The CH variant of HBV contains mutations in one of the two half-sites of the NRRE_preC (Fig. 1B). When we introduced these two point mutations into the HBV genome, we found that synthesis of pregenomic RNA and viral DNA increased approximately twofold while preC RNA accumulation remained similar to that in the wild type (Fig. 8). Others have reported either reduced synthesis of preC RNA and secretion of HBV e antigen but no effect on synthesis of pregenomic RNA (9, 21, 45), activation of pregenomic RNA synthesis (38), no effect on viral DNA synthesis (21), or increased viral DNA synthesis (9, 38, 45). These discrepancies may be attributed to the use of different subtypes of HBV (ayw, adw2, and adr), plasmid constructs (monomer, dimer, and 1.2-mer), and hepatoma cell lines (HepG2 and Huh7).

We also studied the responses of the CH variant genome to overexpression of PPARα-RXRα in the presence of their ligands. The CH variant was found to exhibit a phenotype similar to, but less severe than, that of our artificial NRRE_preC mutant, with pregenomic RNA synthesis being reduced approximately twofold and viral DNA synthesis being largely unaffected (Fig. 8). The less severe phenotype may be attributed to the following facts: (i) the CH variant still retains binding by HNF4α in its NRRE_preC (Fig. 7), while our NRRE_preC mutations abolish HNF4α binding as well (Fig. 2B); (ii) the mutations in the CH variant create a new HNF1 binding site in NRRE_preC (34); and (iii) the mutations in the CH variant also led to changes in two of the amino acids in the X protein (34).

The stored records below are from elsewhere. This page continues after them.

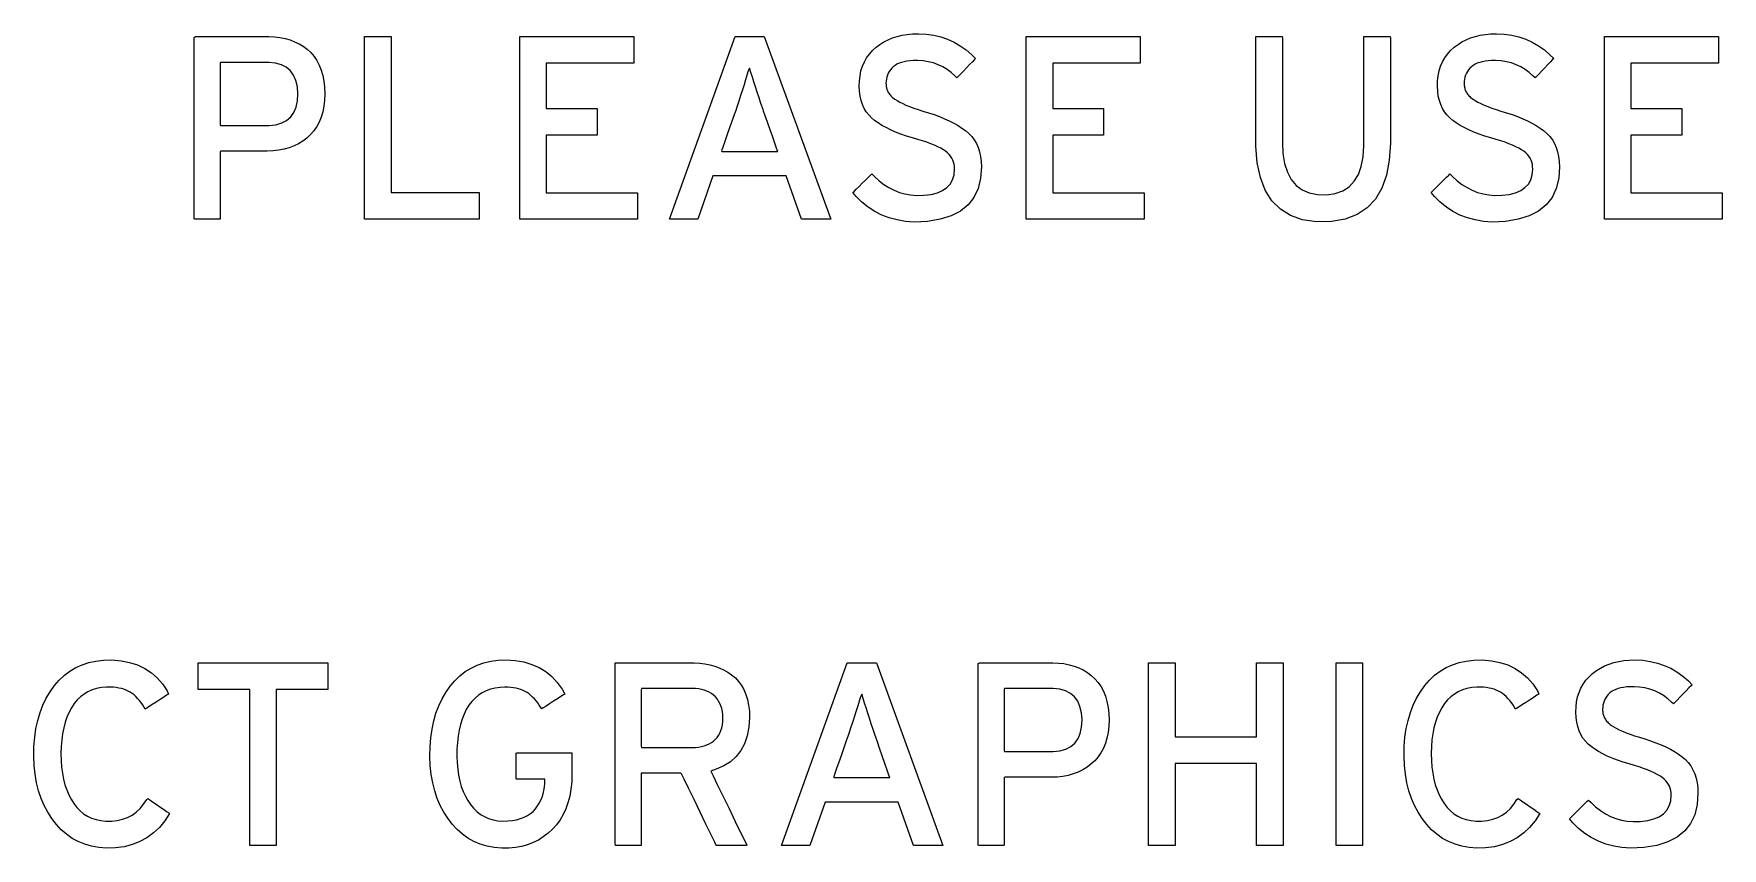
# Model space of a CAD drawing. Extents: x 1 to 47.7, y 0.2 to 33.3.
# Drawn here: x 8.853 to 11.279, y 22.696 to 23.867 of the extents above; entities that cross this region are included whole.
import ezdxf

# ---------------------------------------------------------------- set-up
doc = ezdxf.new("R2010")
doc.units = 0
doc.header["$MEASUREMENT"] = 0
doc.layers.add('4_0_____DWG', color=7, linetype='CONTINUOUS')

msp = doc.modelspace()

# ---------------------------------------------------------------- linework, layer by layer
at = {"layer": '4_0_____DWG'}
for points in [[(9.2712, 23.7803), (9.2708, 23.7711), (9.2698, 23.7624), (9.2682, 23.7543), (9.2659, 23.7467), (9.263, 23.7396), (9.2595, 23.7331), (9.2553, 23.7271), (9.2506, 23.7216), (9.2452, 23.7167), (9.2395, 23.7123), (9.2334, 23.7085), (9.2268, 23.7053), (9.2199, 23.7026), (9.2125, 23.7006), (9.2047, 23.6991), (9.1966, 23.6981), (9.188, 23.6978), (9.185, 23.6978), (9.1787, 23.6978), (9.1694, 23.6978), (9.1583, 23.6978), (9.1467, 23.6978), (9.1359, 23.6978), (9.1271, 23.6978), (9.1217, 23.6978), (9.1205, 23.6973), (9.1205, 23.6914), (9.1205, 23.6799), (9.1205, 23.6648), (9.1205, 23.6479), (9.1205, 23.6312), (9.1205, 23.6164), (9.1205, 23.6054), (9.1205, 23.6002), (9.1197, 23.6), (9.1164, 23.6), (9.1113, 23.6), (9.1051, 23.6), (9.0986, 23.6), (9.0925, 23.6), (9.0874, 23.6), (9.0841, 23.6), (9.0832, 23.6005), (9.0832, 23.6145), (9.0832, 23.6439), (9.0832, 23.6836), (9.0832, 23.7286), (9.0832, 23.7739), (9.0832, 23.8145), (9.0832, 23.8453), (9.0832, 23.8612), (9.085, 23.8624), (9.0937, 23.8624), (9.1078, 23.8624), (9.1251, 23.8624), (9.1436, 23.8624), (9.1614, 23.8624), (9.1763, 23.8624), (9.1863, 23.8624), (9.1905, 23.8624), (9.1987, 23.862), (9.2065, 23.8612), (9.2139, 23.8597), (9.221, 23.8577), (9.2277, 23.8552), (9.234, 23.8521), (9.24, 23.8485), (9.2456, 23.8443), (9.2509, 23.8394), (9.2556, 23.834), (9.2597, 23.828), (9.2631, 23.8215), (9.266, 23.8143), (9.2682, 23.8067), (9.2698, 23.7984), (9.2708, 23.7896)], [(10.2142, 23.6753), (10.2131, 23.6588), (10.2096, 23.6441), (10.2036, 23.6314), (10.1952, 23.6207), (10.1842, 23.6118), (10.1708, 23.6049), (10.155, 23.5999), (10.1367, 23.5969), (10.1176, 23.5959), (10.1051, 23.5969), (10.0932, 23.5989), (10.0819, 23.6019), (10.0712, 23.606), (10.0611, 23.6111), (10.0516, 23.6172), (10.0427, 23.6244), (10.0344, 23.6326), (10.0298, 23.6383), (10.0314, 23.64), (10.0345, 23.6431), (10.0386, 23.6471), (10.0432, 23.6517), (10.0477, 23.6562), (10.0519, 23.6603), (10.055, 23.6635), (10.0568, 23.6652), (10.0606, 23.6615), (10.0673, 23.6554), (10.0742, 23.65), (10.0813, 23.6454), (10.0888, 23.6416), (10.0964, 23.6386), (10.1044, 23.6364), (10.1126, 23.6349), (10.121, 23.6343), (10.1318, 23.6345), (10.1421, 23.6357), (10.151, 23.638), (10.1585, 23.6412), (10.1647, 23.6454), (10.1695, 23.6506), (10.1729, 23.6568), (10.175, 23.6639), (10.1758, 23.6721), (10.1756, 23.6757), (10.1752, 23.6789), (10.1744, 23.682), (10.1733, 23.6849), (10.1719, 23.6877), (10.1701, 23.6904), (10.1681, 23.6929), (10.1657, 23.6953), (10.1629, 23.6976), (10.1596, 23.6998), (10.1559, 23.702), (10.1516, 23.7042), (10.1469, 23.7064), (10.1416, 23.7085), (10.1359, 23.7106), (10.1297, 23.7127), (10.123, 23.7148), (10.1153, 23.717), (10.1067, 23.7196), (10.0986, 23.7224), (10.091, 23.7253), (10.0839, 23.7284), (10.0774, 23.7316), (10.0714, 23.7349), (10.0659, 23.7384), (10.0609, 23.742), (10.0564, 23.7457), (10.0524, 23.7498), (10.0489, 23.7543), (10.046, 23.7593), (10.0435, 23.7648), (10.0416, 23.7707), (10.0402, 23.7771), (10.0393, 23.784), (10.0389, 23.7913), (10.039, 23.799), (10.0399, 23.8063), (10.0413, 23.8133), (10.0434, 23.8199), (10.0461, 23.8261), (10.0494, 23.8319), (10.0533, 23.8374), (10.0578, 23.8424), (10.063, 23.8471), (10.0684, 23.8512), (10.0741, 23.8548), (10.0802, 23.8579), (10.0866, 23.8605), (10.0933, 23.8627), (10.1004, 23.8644), (10.1077, 23.8656), (10.1154, 23.8663), (10.1238, 23.8666), (10.135, 23.866), (10.1457, 23.8644), (10.1559, 23.862), (10.1657, 23.8587), (10.1751, 23.8545), (10.184, 23.8494), (10.1925, 23.8434), (10.2005, 23.8365), (10.2058, 23.8309), (10.2043, 23.8294), (10.2014, 23.8263), (10.1974, 23.8222), (10.1929, 23.8176), (10.1884, 23.8129), (10.1843, 23.8086), (10.1811, 23.8052), (10.1792, 23.8033), (10.1764, 23.8057), (10.1709, 23.8107), (10.165, 23.8152), (10.1588, 23.8189), (10.1522, 23.8221), (10.1453, 23.8246), (10.138, 23.8264), (10.1304, 23.8276), (10.1224, 23.8281), (10.1164, 23.828), (10.1117, 23.8277), (10.1073, 23.8271), (10.1033, 23.8264), (10.0995, 23.8253), (10.0961, 23.8241), (10.093, 23.8227), (10.0902, 23.821), (10.0877, 23.8191), (10.0855, 23.8169), (10.0835, 23.8146), (10.0819, 23.8122), (10.0804, 23.8097), (10.0793, 23.8071), (10.0784, 23.8043), (10.0777, 23.8015), (10.0774, 23.7985), (10.0772, 23.7954), (10.0773, 23.7939), (10.0774, 23.7924), (10.0775, 23.791), (10.0778, 23.7896), (10.0781, 23.7883), (10.0784, 23.787), (10.0788, 23.7858), (10.0793, 23.7846), (10.0799, 23.7835), (10.0805, 23.7822), (10.0813, 23.781), (10.0821, 23.7798), (10.0831, 23.7786), (10.0841, 23.7774), (10.0853, 23.7762), (10.0866, 23.7751), (10.088, 23.7739), (10.09, 23.7724), (10.0932, 23.7704), (10.0969, 23.7683), (10.1012, 23.7662), (10.1059, 23.7641), (10.1112, 23.7619), (10.117, 23.7598), (10.1233, 23.7576), (10.13, 23.7554), (10.1381, 23.753), (10.1462, 23.7503), (10.154, 23.7475), (10.1613, 23.7445), (10.1682, 23.7414), (10.1746, 23.7381), (10.1807, 23.7347), (10.1863, 23.7311), (10.1914, 23.7274), (10.1962, 23.7234), (10.2003, 23.719), (10.2039, 23.7141), (10.207, 23.7088), (10.2095, 23.703), (10.2115, 23.6968), (10.213, 23.6901), (10.2139, 23.6829)], [(10.8018, 23.7094), (10.8003, 23.6847), (10.7962, 23.6631), (10.7895, 23.6445), (10.7802, 23.6289), (10.7684, 23.6163), (10.7539, 23.6067), (10.7369, 23.6001), (10.7172, 23.5965), (10.6955, 23.5962), (10.6757, 23.5993), (10.6584, 23.6054), (10.6438, 23.6145), (10.6316, 23.6266), (10.6221, 23.6417), (10.6151, 23.6598), (10.6106, 23.6809), (10.6087, 23.705), (10.6087, 23.7139), (10.6087, 23.7274), (10.6087, 23.7481), (10.6087, 23.7731), (10.6087, 23.7995), (10.6087, 23.8245), (10.6087, 23.8452), (10.6087, 23.8587), (10.6087, 23.8624), (10.6107, 23.8624), (10.6149, 23.8624), (10.6206, 23.8624), (10.627, 23.8624), (10.6336, 23.8624), (10.6395, 23.8624), (10.644, 23.8624), (10.6465, 23.8624), (10.6467, 23.8603), (10.6467, 23.8486), (10.6467, 23.8293), (10.6467, 23.8051), (10.6467, 23.7789), (10.6467, 23.7535), (10.6467, 23.7319), (10.6467, 23.7168), (10.6467, 23.7112), (10.6475, 23.6946), (10.6499, 23.68), (10.6538, 23.6675), (10.6593, 23.657), (10.6664, 23.6486), (10.675, 23.6421), (10.6853, 23.6377), (10.6971, 23.6354), (10.7103, 23.6352), (10.7226, 23.637), (10.7333, 23.6409), (10.7424, 23.6467), (10.7499, 23.6545), (10.7558, 23.6642), (10.76, 23.676), (10.7627, 23.6896), (10.7637, 23.7053), (10.7638, 23.7124), (10.7638, 23.726), (10.7638, 23.7469), (10.7638, 23.7722), (10.7638, 23.7989), (10.7638, 23.8241), (10.7638, 23.845), (10.7638, 23.8586), (10.7638, 23.8624), (10.7658, 23.8624), (10.77, 23.8624), (10.7756, 23.8624), (10.7821, 23.8624), (10.7887, 23.8624), (10.7946, 23.8624), (10.7991, 23.8624), (10.8016, 23.8624), (10.8018, 23.8603), (10.8018, 23.8485), (10.8018, 23.8289), (10.8018, 23.8044), (10.8018, 23.7779), (10.8018, 23.7522), (10.8018, 23.7303), (10.8018, 23.7151)], [(11.0448, 23.6753), (11.0437, 23.6588), (11.0402, 23.6441), (11.0342, 23.6314), (11.0257, 23.6207), (11.0148, 23.6118), (11.0014, 23.6049), (10.9856, 23.5999), (10.9672, 23.5969), (10.9482, 23.5959), (10.9357, 23.5969), (10.9238, 23.5989), (10.9125, 23.6019), (10.9018, 23.606), (10.8917, 23.6111), (10.8822, 23.6172), (10.8733, 23.6244), (10.865, 23.6326), (10.8603, 23.6383), (10.862, 23.64), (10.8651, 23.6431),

We have shown here dependence on a functional NRRE_preC in PPARα-RXRα-mediated activation of viral RNA and DNA synthesis. Thus, the low level of responsiveness of the CH variant to PPARα-RXRα is likely due, at least in part, to inactivation of NRRE_preC. Presumably, this nonresponsiveness to PPARs confers some advantage on the CH variant for maintaining its presence in hepatocytes. For example, many physiological and environmental changes and exposure to peroxisome proliferators and other compounds which can function as ligands for PPARs may upregulate the synthesis and activity of PPARs in hepatocytes. In wild-type HBV infection, this will result in elevated synthesis of viral RNA, protein, and DNA. The increased synthesis of viral C protein and its display on the cell surface may render the hepatocytes more vulnerable to the host immune system. With mutated NRRE_preC, the CH variant can avoid this upregulation of its replication and thus retain the chronicity of its infection.

In summary, we conclude that NRRE_preC and NRRE_enhI are important positive regulatory elements for HBV gene expression and replication. These NRREs differentially regulate transcription from various viral promoters to facilitate efficient nucleocapsid formation and virion production. PPAR-RXR and their ligands increase synthesis of both the pregenomic RNA and viral DNA. Analysis of artificial NRRE mutants and a naturally occurring NRRE mutant suggests that this activation is largely dependent on the function of NRRE_preC.